» **Exercise aim**
In the data that follows, find each line containing "Outport" and copy it.

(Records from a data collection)
═══

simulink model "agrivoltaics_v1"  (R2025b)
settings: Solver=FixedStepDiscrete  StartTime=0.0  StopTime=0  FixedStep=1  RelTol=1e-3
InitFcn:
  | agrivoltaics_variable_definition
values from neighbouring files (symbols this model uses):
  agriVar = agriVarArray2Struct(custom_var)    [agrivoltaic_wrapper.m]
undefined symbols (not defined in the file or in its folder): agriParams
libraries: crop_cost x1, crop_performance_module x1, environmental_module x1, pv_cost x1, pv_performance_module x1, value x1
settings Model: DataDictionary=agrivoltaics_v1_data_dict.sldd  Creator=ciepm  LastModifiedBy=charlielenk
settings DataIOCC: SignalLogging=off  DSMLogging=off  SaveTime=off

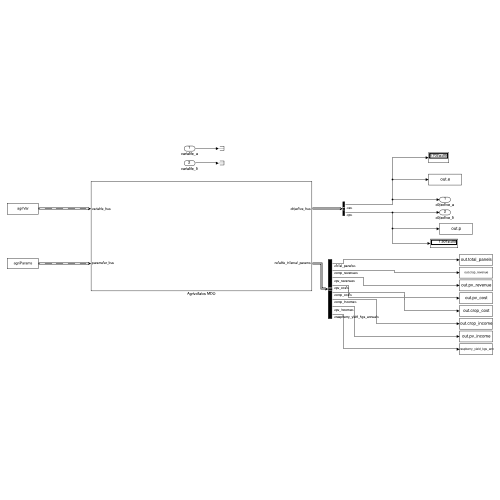
[thumbnail: Simulink's stored preview of the top-level diagram]
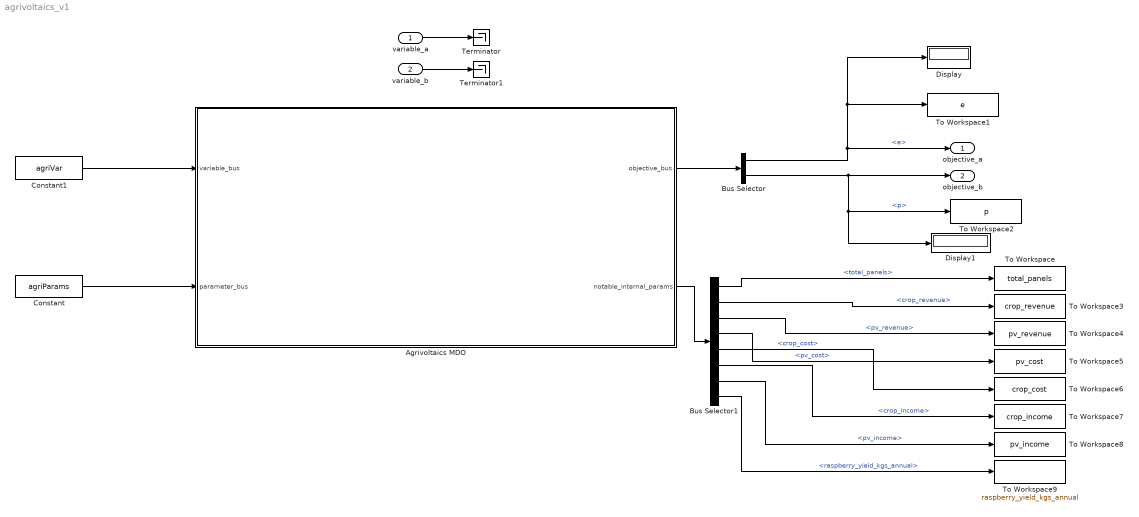
== system agrivoltaics_v1 ==
  variable_a : Inport
  variable_b : Inport  Port=2
  Agrivoltaics MDO : Subsystem
  Bus Selector : BusSelector  OutputSignals=e,p
  Bus Selector1 : BusSelector  OutputSignals=energy_per_year.total_panels,crop_revenue,pv_revenue,pv_cost,crop_cost,crop_income,pv_income,raspberry_yield_kgs_annual
  Constant : Constant  Value=agriParams  OutDataTypeStr=Bus: slBus1
  Constant1 : Constant  Value=agriVar  OutDataTypeStr=Bus: slBus2
  Display : Display
  Display1 : Display
  Terminator : Terminator
  Terminator1 : Terminator
  To Workspace : ToWorkspace  VariableName=total_panels  SaveFormat=Timeseries  SampleTime=-1
  To Workspace1 : ToWorkspace  VariableName=e  SaveFormat=Timeseries  SampleTime=-1
  To Workspace2 : ToWorkspace  VariableName=p  SaveFormat=Timeseries  SampleTime=-1
  To Workspace3 : ToWorkspace  VariableName=crop_revenue  SaveFormat=Timeseries  SampleTime=-1
  To Workspace4 : ToWorkspace  VariableName=pv_revenue  SaveFormat=Timeseries  SampleTime=-1
  To Workspace5 : ToWorkspace  VariableName=pv_cost  SaveFormat=Timeseries  SampleTime=-1
  To Workspace6 : ToWorkspace  VariableName=crop_cost  SaveFormat=Timeseries  SampleTime=-1
  To Workspace7 : ToWorkspace  VariableName=crop_income  SaveFormat=Timeseries  SampleTime=-1
  To Workspace8 : ToWorkspace  VariableName=pv_income  SaveFormat=Timeseries  SampleTime=-1
  To Workspace9 : ToWorkspace  VariableName=raspberry_yield_kgs_annual  SaveFormat=Timeseries  SampleTime=-1
  objective_a : Outport
  objective_b : Outport  Port=2
  wires:
  Agrivoltaics MDO/1(objective_bus) -> Bus Selector/1
  Bus Selector/1 -> objective_a/1, To Workspace1/1, Display/1  "<e>"
  Bus Selector/2 -> objective_b/1, To Workspace2/1, Display1/1  "<p>"
  variable_a/1 -> Terminator/1
  variable_b/1 -> Terminator1/1
  Constant1/1 -> Agrivoltaics MDO/1(variable_bus)
  Agrivoltaics MDO/2(notable_internal_params) -> Bus Selector1/1
  Bus Selector1/1 -> To Workspace/1  "<total_panels>"
  Constant/1 -> Agrivoltaics MDO/2(parameter_bus)
  Bus Selector1/2 -> To Workspace3/1  "<crop_revenue>"
  Bus Selector1/3 -> To Workspace4/1  "<pv_revenue>"
  Bus Selector1/4 -> To Workspace5/1  "<pv_cost>"
  Bus Selector1/5 -> To Workspace6/1  "<crop_cost>"
  Bus Selector1/6 -> To Workspace7/1  "<crop_income>"
  Bus Selector1/7 -> To Workspace8/1  "<pv_income>"
  Bus Selector1/8 -> To Workspace9/1  "<raspberry_yield_kgs_annual>"

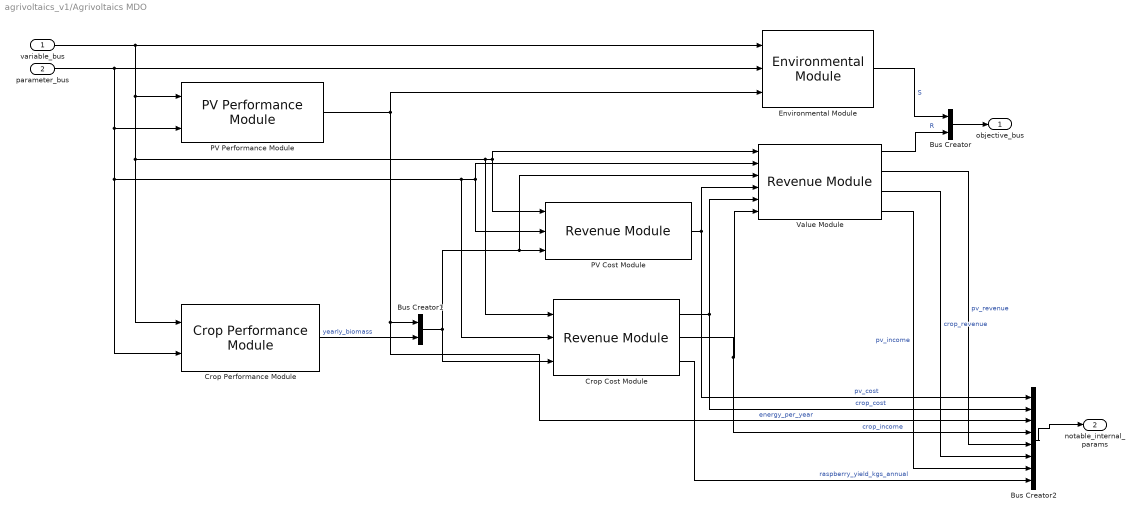
== system agrivoltaics_v1/Agrivoltaics MDO ==
  variable_bus : Inport
  parameter_bus : Inport  Port=2
  Bus Creator : BusCreator  Inputs=2  OutDataTypeStr=Bus: objective_bus
      settings: InheritFromInputs=off
  Bus Creator1 : BusCreator  Inputs=2
  Bus Creator2 : BusCreator  Inputs=8
  Crop Cost Module : crop_cost/Revenue Module  SystemSampleTime=-1  VariantActivationTime=update diagram  EmptyChoice=off  PassThrough=off  PassThroughVariantControl=(default)  EmptyChoiceVariantControl=(default)  AllowFlexibleInterface=on  Latency=0  AutoFrameSizeCalculation=off
  Crop Performance Module : crop_performance_module/Crop Performance Module  SystemSampleTime=-1  VariantActivationTime=update diagram  EmptyChoice=off  PassThrough=off  PassThroughVariantControl=(default)  EmptyChoiceVariantControl=(default)  AllowFlexibleInterface=on  Latency=0  AutoFrameSizeCalculation=off
  Environmental Module : environmental_module/Environmental Module  SystemSampleTime=-1  VariantActivationTime=update diagram  EmptyChoice=off  PassThrough=off  PassThroughVariantControl=(default)  EmptyChoiceVariantControl=(default)  AllowFlexibleInterface=on  Latency=0  AutoFrameSizeCalculation=off
  PV Cost Module : pv_cost/Revenue Module  SystemSampleTime=-1  VariantActivationTime=update diagram  EmptyChoice=off  PassThrough=off  PassThroughVariantControl=(default)  EmptyChoiceVariantControl=(default)  AllowFlexibleInterface=on  Latency=0  AutoFrameSizeCalculation=off
  PV Performance Module : pv_performance_module/PV Performance Module  SystemSampleTime=-1  VariantActivationTime=update diagram  EmptyChoice=off  PassThrough=off  PassThroughVariantControl=(default)  EmptyChoiceVariantControl=(default)  AllowFlexibleInterface=on  Latency=0  AutoFrameSizeCalculation=off
  Value Module : value/Revenue Module  SystemSampleTime=-1  VariantActivationTime=update diagram  EmptyChoice=off  PassThrough=off  PassThroughVariantControl=(default)  EmptyChoiceVariantControl=(default)  AllowFlexibleInterface=on  Latency=0  AutoFrameSizeCalculation=off
  objective_bus : Outport
  notable_internal_params : Outport  Port=2
  wires:
  variable_bus/1 -> Crop Performance Module/1, Crop Cost Module/1, PV Cost Module/1, Value Module/1, PV Performance Module/1, Environmental Module/1
  parameter_bus/1 -> Crop Performance Module/2, Crop Cost Module/2, Value Module/2, PV Cost Module/2, PV Performance Module/2, Environmental Module/2
  Crop Performance Module/1 -> Bus Creator1/2  "yearly_biomass"
  Bus Creator/1 -> objective_bus/1
  Environmental Module/1 -> Bus Creator/1  "S"
  Value Module/1 -> Bus Creator/2  "R"
  PV Performance Module/1 -> Bus Creator2/3, Bus Creator1/1, Environmental Module/3  "energy_per_year"
  Bus Creator1/1 -> Value Module/3, PV Cost Module/3, Crop Cost Module/3
  Bus Creator2/1 -> notable_internal_params/1
  PV Cost Module/1 -> Bus Creator2/1, Value Module/4  "pv_cost"
  Crop Cost Module/1 -> Bus Creator2/2, Value Module/5  "crop_cost"
  Crop Cost Module/2 -> Bus Creator2/4, Value Module/6  "crop_income"
  Value Module/2 -> Bus Creator2/5  "pv_revenue"
  Value Module/3 -> Bus Creator2/6  "crop_revenue"
  Value Module/4 -> Bus Creator2/7  "pv_income"
  Crop Cost Module/3 -> Bus Creator2/8  "raspberry_yield_kgs_annual"

═══

» **Expected answer**
  objective_a : Outport
  objective_b : Outport  Port=2
  objective_bus : Outport
  notable_internal_params : Outport  Port=2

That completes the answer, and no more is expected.